Julie Brougham

Personal information
- Born: Julie Claire D'Ath 20 May 1954 Palmerston North, New Zealand
- Died: 9 December 2021 (aged 67) Karere, New Zealand

Sport
- Country: New Zealand
- Sport: Equestrian
- Event: Dressage

Achievements and titles
- World finals: 2018 World Equestrian Games

= Julie Brougham =

New Zealand equestrian (1954–2021)

Julie Claire Brougham (née D'Ath; 20 May 1954 – 9 December 2021) was a New Zealand equestrian, competing in dressage. She became New Zealand's oldest Olympic competitor when she competed at the 2016 Summer Olympics in Rio de Janeiro at age 62.

== Biography ==

=== Early life and major competitions ===
Brougham was born in 1954 in Palmerston North. She began riding horses at age four. Later on, Brougham rode a horse named Vom Feinsten, also called Steiny, who she first met in 2008. Vom Feinsten is a German-bred chestnut horse.

Brougham competed in the individual dressage at the 2016 Summer Olympics in Rio de Janeiro, becoming New Zealand's oldest Olympic competitor at age 62. She was the third-ever New Zealander to compete in dressage at the Olympics. Her score of 68.543 was the best result for any New Zealander at an Olympic grand prix, but was not enough to advance to the next round of competition and she finished 44th.

| Athlete | Horse | Event | Grand Prix |  | Grand Prix Special |  | Grand Prix Freestyle |  | Overall |  |
| Score | Rank | Score | Rank | Technical | Artistic | Score | Rank |
| Julie Brougham | Vom Feinsten | Individual | 68.543 | 44 | did not advance |  |  |  |  |  |

In 2017, Brougham won the grand prix special at the Australian National Championships.

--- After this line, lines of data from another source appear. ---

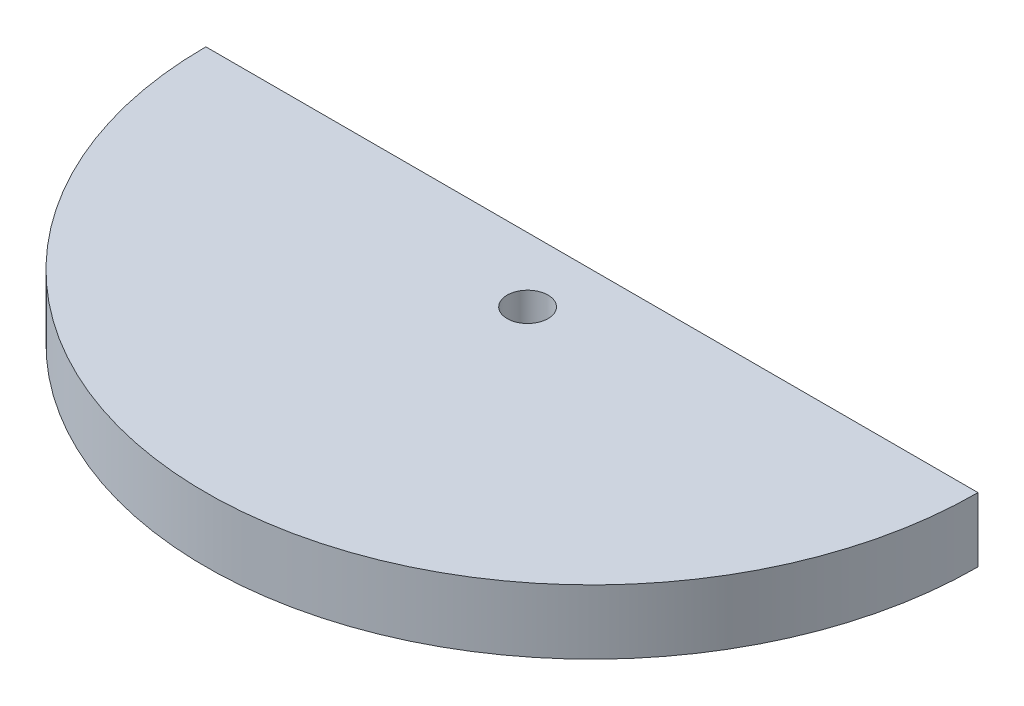
ISO-10303-21;
HEADER;
FILE_DESCRIPTION(('STEP AP214'),'2;1');
FILE_NAME('part.step','',(''),(''),'','','');
FILE_SCHEMA(('AUTOMOTIVE_DESIGN { 1 0 10303 214 1 1 1 1 }'));
ENDSEC;
DATA;
#1=APPLICATION_CONTEXT('core data for automotive mechanical design processes');
#2=APPLICATION_PROTOCOL_DEFINITION('international standard','automotive_design',2000,#1);
#3=PRODUCT_CONTEXT('',#1,'mechanical');
#4=PRODUCT('Part','Part','',(#3));
#5=PRODUCT_RELATED_PRODUCT_CATEGORY('part','',(#4));
#6=PRODUCT_DEFINITION_FORMATION('','',#4);
#7=PRODUCT_DEFINITION_CONTEXT('part definition',#1,'design');
#8=PRODUCT_DEFINITION('design','',#6,#7);
#9=PRODUCT_DEFINITION_SHAPE('','',#8);
#10=(LENGTH_UNIT() NAMED_UNIT(*) SI_UNIT(.MILLI.,.METRE.));
#11=(NAMED_UNIT(*) PLANE_ANGLE_UNIT() SI_UNIT($,.RADIAN.));
#12=(NAMED_UNIT(*) SI_UNIT($,.STERADIAN.) SOLID_ANGLE_UNIT());
#13=UNCERTAINTY_MEASURE_WITH_UNIT(LENGTH_MEASURE(1.E-05),#10,'distance_accuracy_value','');
#14=(GEOMETRIC_REPRESENTATION_CONTEXT(3) GLOBAL_UNCERTAINTY_ASSIGNED_CONTEXT((#13)) GLOBAL_UNIT_ASSIGNED_CONTEXT((#10,
#11,#12)) REPRESENTATION_CONTEXT('',''));
#15=CARTESIAN_POINT('',(0.,0.,0.));
#16=DIRECTION('',(0.,0.,1.));
#17=DIRECTION('',(1.,0.,0.));
#18=AXIS2_PLACEMENT_3D('',#15,#16,#17);
#19=CARTESIAN_POINT('',(0.,5.,0.));
#20=DIRECTION('',(0.,1.,0.));
#21=DIRECTION('',(0.,0.,1.));
#22=AXIS2_PLACEMENT_3D('',#19,#20,#21);
#23=PLANE('',#22);
#24=CARTESIAN_POINT('',(0.,5.,0.));
#25=DIRECTION('',(0.,1.,0.));
#26=DIRECTION('',(0.,0.,1.));
#27=AXIS2_PLACEMENT_3D('',#24,#25,#26);
#28=CIRCLE('',#27,30.);
#29=CARTESIAN_POINT('',(-30.,5.,0.));
#30=VERTEX_POINT('',#29);
#31=CARTESIAN_POINT('',(30.,5.,0.));
#32=VERTEX_POINT('',#31);
#33=EDGE_CURVE('E64',#30,#32,#28,.T.);
#34=ORIENTED_EDGE('',*,*,#33,.T.);
#35=DIRECTION('',(-1.,0.,0.));
#36=VECTOR('',#35,1.);
#37=CARTESIAN_POINT('',(-30.,5.,0.));
#38=LINE('',#37,#36);
#39=EDGE_CURVE('E49',#32,#30,#38,.T.);
#40=ORIENTED_EDGE('',*,*,#39,.T.);
#41=EDGE_LOOP('',(#34,#40));
#42=FACE_BOUND('',#41,.T.);
#43=CARTESIAN_POINT('',(0.,5.,5.));
#44=DIRECTION('',(0.,1.,0.));
#45=DIRECTION('',(0.,0.,1.));
#46=AXIS2_PLACEMENT_3D('',#43,#44,#45);
#47=CIRCLE('',#46,1.5875);
#48=CARTESIAN_POINT('',(0.,5.,6.5875));
#49=VERTEX_POINT('',#48);
#50=EDGE_CURVE('E70',#49,#49,#47,.T.);
#51=ORIENTED_EDGE('',*,*,#50,.F.);
#52=EDGE_LOOP('',(#51));
#53=FACE_BOUND('',#52,.T.);
#54=ADVANCED_FACE('F33',(#42,#53),#23,.T.);
#55=CARTESIAN_POINT('',(0.,0.,0.));
#56=DIRECTION('',(0.,1.,0.));
#57=DIRECTION('',(0.,0.,1.));
#58=AXIS2_PLACEMENT_3D('',#55,#56,#57);
#59=PLANE('',#58);
#60=CARTESIAN_POINT('',(0.,0.,0.));
#61=DIRECTION('',(0.,1.,0.));
#62=DIRECTION('',(0.,0.,1.));
#63=AXIS2_PLACEMENT_3D('',#60,#61,#62);
#64=CIRCLE('',#63,30.);
#65=CARTESIAN_POINT('',(-30.,0.,0.));
#66=VERTEX_POINT('',#65);
#67=CARTESIAN_POINT('',(30.,0.,0.));
#68=VERTEX_POINT('',#67);
#69=EDGE_CURVE('E65',#66,#68,#64,.T.);
#70=ORIENTED_EDGE('',*,*,#69,.F.);
#71=DIRECTION('',(-1.,0.,0.));
#72=VECTOR('',#71,1.);
#73=CARTESIAN_POINT('',(-30.,0.,0.));
#74=LINE('',#73,#72);
#75=EDGE_CURVE('E57',#68,#66,#74,.T.);
#76=ORIENTED_EDGE('',*,*,#75,.F.);
#77=EDGE_LOOP('',(#70,#76));
#78=FACE_BOUND('',#77,.T.);
#79=CARTESIAN_POINT('',(0.,0.,5.));
#80=DIRECTION('',(0.,1.,0.));
#81=DIRECTION('',(0.,0.,1.));
#82=AXIS2_PLACEMENT_3D('',#79,#80,#81);
#83=CIRCLE('',#82,1.5875);
#84=CARTESIAN_POINT('',(0.,0.,6.5875));
#85=VERTEX_POINT('',#84);
#86=EDGE_CURVE('E73',#85,#85,#83,.T.);
#87=ORIENTED_EDGE('',*,*,#86,.T.);
#88=EDGE_LOOP('',(#87));
#89=FACE_BOUND('',#88,.T.);
#90=ADVANCED_FACE('F68',(#78,#89),#59,.F.);
#91=CARTESIAN_POINT('',(0.,5.,0.));
#92=DIRECTION('',(0.,-1.,0.));
#93=DIRECTION('',(0.,0.,-1.));
#94=AXIS2_PLACEMENT_3D('',#91,#92,#93);
#95=CYLINDRICAL_SURFACE('',#94,30.);
#96=ORIENTED_EDGE('',*,*,#69,.T.);
#97=DIRECTION('',(0.,-1.,0.));
#98=VECTOR('',#97,1.);
#99=CARTESIAN_POINT('',(30.,5.,0.));
#100=LINE('',#99,#98);
#101=EDGE_CURVE('E11',#32,#68,#100,.T.);
#102=ORIENTED_EDGE('',*,*,#101,.F.);
#103=ORIENTED_EDGE('',*,*,#33,.F.);
#104=DIRECTION('',(0.,-1.,0.));
#105=VECTOR('',#104,1.);
#106=CARTESIAN_POINT('',(-30.,5.,0.));
#107=LINE('',#106,#105);
#108=EDGE_CURVE('E42',#30,#66,#107,.T.);
#109=ORIENTED_EDGE('',*,*,#108,.T.);
#110=EDGE_LOOP('',(#96,#102,#103,#109));
#111=FACE_BOUND('',#110,.T.);
#112=ADVANCED_FACE('F35',(#111),#95,.T.);
#113=CARTESIAN_POINT('',(-30.,5.,0.));
#114=DIRECTION('',(0.,0.,1.));
#115=DIRECTION('',(1.,0.,0.));
#116=AXIS2_PLACEMENT_3D('',#113,#114,#115);
#117=PLANE('',#116);
#118=ORIENTED_EDGE('',*,*,#75,.T.);
#119=ORIENTED_EDGE('',*,*,#108,.F.);
#120=ORIENTED_EDGE('',*,*,#39,.F.);
#121=ORIENTED_EDGE('',*,*,#101,.T.);
#122=EDGE_LOOP('',(#118,#119,#120,#121));
#123=FACE_BOUND('',#122,.T.);
#124=ADVANCED_FACE('F60',(#123),#117,.F.);
#125=CARTESIAN_POINT('',(0.,5.,5.));
#126=DIRECTION('',(0.,-1.,0.));
#127=DIRECTION('',(0.,0.,-1.));
#128=AXIS2_PLACEMENT_3D('',#125,#126,#127);
#129=CYLINDRICAL_SURFACE('',#128,1.5875);
#130=ORIENTED_EDGE('',*,*,#50,.T.);
#131=EDGE_LOOP('',(#130));
#132=FACE_BOUND('',#131,.T.);
#133=ORIENTED_EDGE('',*,*,#86,.F.);
#134=EDGE_LOOP('',(#133));
#135=FACE_BOUND('',#134,.T.);
#136=ADVANCED_FACE('F81',(#132,#135),#129,.F.);
#137=CLOSED_SHELL('',(#54,#90,#112,#124,#136));
#138=MANIFOLD_SOLID_BREP('B2',#137);
#139=ADVANCED_BREP_SHAPE_REPRESENTATION('',(#18,#138),#14);
#140=SHAPE_DEFINITION_REPRESENTATION(#9,#139);
ENDSEC;
END-ISO-10303-21;

In 2018, Brougham won New Zealand's National Dressage Championship, after years of close places. Also in 2018, she competed in the World Equestrian Games, coming 36th. At the time, she was New Zealand's top dressage rider, and also held the Australasian record for grand prix musical freestyle. This was despite a horseriding injury in early 2018, which required a hip replacement.

=== Cancer ===
Brougham was diagnosed with abdominal cancer in October 2018. She was hospitalised with complications after the first round of chemotherapy, and had surgeries to remove her ovaries and fallopian tubes and part of her large bowel. She also had a stoma and collection bag put in, which were permanent. Brougham returned to competition equestrian in September 2019 at the Dressage Central Districts championship show in Palmerston North, and won the event.

Brougham said in 2018 that the Tokyo 2020 Olympics was not a target, as she would not put Steiny, who was aged 15 in 2018, through another intense Olympic campaign. After her illness, competing at those Olympics was expected to be out of the question.

=== Personal life ===
Brougham was married to David, who is an orthopedic surgeon. They have two adult children. She lived in Karere in the Manawatū District at her farm, Karere Bells, just south of Palmerston North.

Brougham died from cancer at her home on 9 December 2021, at the age of 67.